Extracted material below:
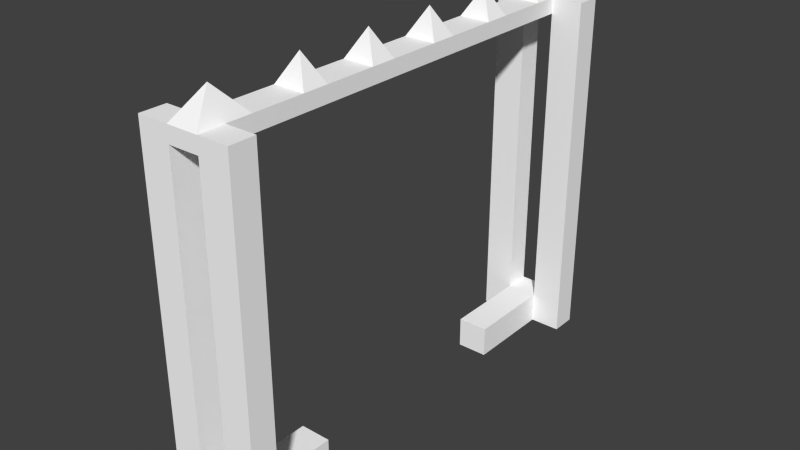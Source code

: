 # Source: gate.blend  (saved by Blender 2.76.0; exported with 4.5.12 LTS)
import bpy
from mathutils import Matrix  # noqa: F401  (used for matrix-valued properties, if any)

bpy.ops.wm.read_factory_settings(use_empty=True)
scene = bpy.context.scene
scene.name = 'Scene'

# ---- collections
col_collection_1 = bpy.data.collections.new('Collection 1'); scene.collection.children.link(col_collection_1)

# ---- materials (node trees are filled in below, after node groups)
mat_material = bpy.data.materials.new('Material')
mat_material.alpha_threshold = 0.0
mat_material.use_transparent_shadow = False
mat_material.diffuse_color = (1.0, 1.0, 1.0, 1.0)
mat_material.roughness = 0.5
mat_material.line_color = (0.0, 0.0, 0.0, 1.0)

# ---- material node trees

# ---- world
world_world = bpy.data.worlds.new('World'); scene.world = world_world
world_world.color = (0.05088, 0.05088, 0.05088)
world_world.use_sun_shadow = False
world_world.sun_shadow_jitter_overblur = 0.0
world_world.cycles.sampling_method = 'MANUAL'
world_world.cycles.sample_map_resolution = 256

# ---- meshes
me_cube_004 = bpy.data.meshes.new('Cube.004')
me_cube_004.from_pydata([(0.1, 1.5, 2.4), (0.1, -1.5, 2.4), (-0.1, -1.5, 2.4), (-0.1, 1.5, 2.4), (0.1, 1.5, 2.5), (0.1, -1.5, 2.5), (-0.1, -1.5, 2.5), (-0.1, 1.5, 2.5), (0.1, 1.333, 2.4), (0.1, 1.167, 2.4), (0.1, 1.0, 2.4), (0.1, 0.8333, 2.4), (0.1, 0.6667, 2.4), (0.1, 0.5, 2.4), (0.1, 0.3333, 2.4), (0.1, 0.1667, 2.4), (0.1, -1.118e-08, 2.4), (0.1, -0.1667, 2.4), (0.1, -0.3333, 2.4), (0.1, -0.5, 2.4), (0.1, -0.6667, 2.4), (0.1, -0.8333, 2.4), (0.1, -1.0, 2.4), (0.1, -1.167, 2.4), (0.1, -1.333, 2.4), (-0.1, -1.333, 2.4), (-0.1, -1.167, 2.4), (-0.1, -1.0, 2.4), (-0.1, -0.8333, 2.4), (-0.1, -0.6667, 2.4), (-0.1, -0.5, 2.4), (-0.1, -0.3333, 2.4), (-0.1, -0.1667, 2.4), (-0.1, 3.8e-07, 2.4), (-0.1, 0.1667, 2.4), (-0.1, 0.3333, 2.4), (-0.1, 0.5, 2.4), (-0.1, 0.6667, 2.4), (-0.1, 0.8333, 2.4), (-0.1, 1.0, 2.4), (-0.1, 1.167, 2.4), (-0.1, 1.333, 2.4), (0.1, 1.333, 2.5), (0.1, 1.167, 2.5), (0.1, 1.0, 2.5), (0.1, 0.8333, 2.5), (0.1, 0.6667, 2.5), (0.1, 0.5, 2.5), (0.1, 0.3333, 2.5), (0.1, 0.1667, 2.5), (0.1, -8.158e-07, 2.5), (0.1, -0.1667, 2.5), (0.1, -0.3333, 2.5), (0.1, -0.5, 2.5), (0.1, -0.6667, 2.5), (0.1, -0.8333, 2.5), (0.1, -1.0, 2.5), (0.1, -1.167, 2.5), (0.1, -1.333, 2.5), (-0.1, -1.333, 2.5), (-0.1, -1.167, 2.5), (-0.1, -1.0, 2.5), (-0.1, -0.8333, 2.5), (-0.1, -0.6667, 2.5), (-0.1, -0.5, 2.5), (-0.1, -0.3333, 2.5), (-0.1, -0.1667, 2.5), (-0.1, 3.688e-07, 2.5), (-0.1, 0.1667, 2.5), (-0.1, 0.3333, 2.5), (-0.1, 0.5, 2.5), (-0.1, 0.6667, 2.5), (-0.1, 0.8333, 2.5), (-0.1, 1.0, 2.5), (-0.1, 1.167, 2.5), (-0.1, 1.333, 2.5), (-0.3, -1.5, 2.4), (-0.3, -1.5, 2.5), (-0.3, -1.333, 2.4), (-0.3, -1.333, 2.5), (0.3, -1.333, 2.4), (0.3, -1.5, 2.4), (0.3, 1.5, 2.4), (0.3, 1.5, 2.5), (0.3, -1.5, 2.5), (0.3, -1.333, 2.5), (0.3, 1.333, 2.4), (0.3, 1.333, 2.5), (-0.3, 1.333, 2.4), (-0.3, 1.5, 2.4), (-0.3, 1.5, 2.5), (-0.3, 1.333, 2.5), (0.1, -1.333, 0.4), (0.1, -1.5, 0.4), (-0.1, 1.333, 0.4), (-0.1, 1.5, 0.4), (0.1, 1.5, 0.4), (0.1, 1.333, 0.4), (-0.1, -1.5, 0.4), (-0.1, -1.333, 0.4), (-0.3, -1.5, 0.4), (-0.3, -1.333, 0.4), (0.3, -1.333, 0.4), (0.3, -1.5, 0.4), (0.3, 1.5, 0.4), (0.3, 1.333, 0.4), (-0.3, 1.333, 0.4), (-0.3, 1.5, 0.4), (0.1, -1.333, 0.2), (0.1, -1.5, 0.2), (-0.1, 1.333, 0.2), (-0.1, 1.5, 0.2), (0.1, 1.5, 0.2), (0.1, 1.333, 0.2), (-0.1, -1.5, 0.2), (-0.1, -1.333, 0.2), (-0.3, -1.5, 0.2), (-0.3, -1.333, 0.2), (0.3, -1.333, 0.2), (0.3, -1.5, 0.2), (0.3, 1.5, 0.2), (0.3, 1.333, 0.2), (-0.3, 1.333, 0.2), (-0.3, 1.5, 0.2), (0.1, 0.7533, 0.4), (0.1, 0.7533, 0.2), (-0.1, 0.7533, 0.2), (-0.1, 0.7533, 0.4), (-0.1, -0.7533, 0.2), (-0.1, -0.7533, 0.4), (0.1, -0.7533, 0.2), (0.1, -0.7533, 0.4), (-4.967e-08, -1.333, 2.674), (1.863e-08, 1.333, 2.674), (0.0, 0.75, 2.674), (-2.235e-08, 0.25, 2.674), (-2.98e-08, -0.25, 2.674), (-4.098e-08, -0.75, 2.674)], [], [(24, 1, 2, 25), (4, 42, 87, 83), (1, 5, 6, 2), (75, 7, 90, 91), (4, 0, 3, 7), (1, 24, 92, 93), (25, 59, 60, 26), (26, 60, 61, 27), (27, 61, 62, 28), (28, 62, 63, 29), (29, 63, 64, 30), (30, 64, 65, 31), (31, 65, 66, 32), (32, 66, 67, 33), (33, 67, 68, 34), (34, 68, 69, 35), (35, 69, 70, 36), (36, 70, 71, 37), (37, 71, 72, 38), (38, 72, 73, 39), (39, 73, 74, 40), (40, 74, 75, 41), (5, 1, 81, 84), (8, 42, 43, 9), (9, 43, 44, 10), (10, 44, 45, 11), (11, 45, 46, 12), (12, 46, 47, 13), (13, 47, 48, 14), (14, 48, 49, 15), (15, 49, 50, 16), (16, 50, 51, 17), (17, 51, 52, 18), (18, 52, 53, 19), (19, 53, 54, 20), (20, 54, 55, 21), (21, 55, 56, 22), (22, 56, 57, 23), (23, 57, 58, 24), (43, 74, 73, 44), (44, 73, 72, 45), (46, 71, 70, 47), (47, 70, 69, 48), (49, 68, 67, 50), (50, 67, 66, 51), (52, 65, 64, 53), (53, 64, 63, 54), (55, 62, 61, 56), (56, 61, 60, 57), (0, 8, 41, 3), (8, 9, 40, 41), (9, 10, 39, 40), (10, 11, 38, 39), (11, 12, 37, 38), (12, 13, 36, 37), (13, 14, 35, 36), (14, 15, 34, 35), (15, 16, 33, 34), (16, 17, 32, 33), (17, 18, 31, 32), (18, 19, 30, 31), (19, 20, 29, 30), (20, 21, 28, 29), (21, 22, 27, 28), (22, 23, 26, 27), (23, 24, 25, 26), (76, 77, 79, 78), (59, 25, 78, 79), (6, 59, 79, 77), (2, 6, 77, 76), (80, 85, 84, 81), (82, 83, 87, 86), (0, 4, 83, 82), (86, 8, 97, 105), (42, 8, 86, 87), (24, 58, 85, 80), (25, 2, 98, 99), (58, 5, 84, 85), (88, 91, 90, 89), (7, 3, 89, 90), (24, 80, 102, 92), (41, 75, 91, 88), (100, 101, 117, 116), (92, 102, 118, 108), (98, 114, 109, 93), (96, 104, 120, 112), (89, 3, 95, 107), (80, 81, 103, 102), (76, 78, 101, 100), (81, 1, 93, 103), (41, 88, 106, 94), (88, 89, 107, 106), (2, 76, 100, 98), (82, 86, 105, 104), (8, 0, 96, 97), (78, 25, 99, 101), (3, 41, 94, 95), (0, 82, 104, 96), (115, 114, 116, 117), (109, 108, 118, 119), (113, 112, 120, 121), (111, 110, 122, 123), (105, 97, 113, 121), (98, 100, 116, 114), (106, 107, 123, 122), (101, 99, 115, 117), (107, 95, 111, 123), (102, 103, 119, 118), (108, 109, 114, 115), (94, 106, 122, 110), (104, 105, 121, 120), (94, 97, 96, 95), (103, 93, 109, 119), (110, 111, 112, 113), (92, 99, 98, 93), (92, 108, 130, 131), (112, 111, 95, 96), (94, 110, 126, 127), (124, 127, 126, 125), (97, 94, 127, 124), (110, 113, 125, 126), (113, 97, 124, 125), (129, 131, 130, 128), (108, 115, 128, 130), (115, 99, 129, 128), (99, 92, 131, 129), (62, 55, 137), (55, 54, 137), (54, 63, 137), (71, 46, 134), (46, 45, 134), (65, 52, 136), (45, 72, 134), (69, 68, 135), (68, 49, 135), (49, 48, 135), (48, 69, 135), (66, 65, 136), (52, 51, 136), (72, 71, 134), (51, 66, 136), (63, 62, 137), (59, 6, 132), (58, 57, 132), (57, 60, 132), (5, 58, 132), (6, 5, 132), (60, 59, 132), (4, 7, 133), (74, 43, 133), (43, 42, 133), (7, 75, 133), (75, 74, 133), (42, 4, 133)])
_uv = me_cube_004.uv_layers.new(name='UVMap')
End of Extracted material.
# Activity
Wherever a line contains the string "scene", copy that line from the data.

# Task response
scene = bpy.context.scene
scene.name = 'Scene'
col_collection_1 = bpy.data.collections.new('Collection 1'); scene.collection.children.link(col_collection_1)
world_world = bpy.data.worlds.new('World'); scene.world = world_world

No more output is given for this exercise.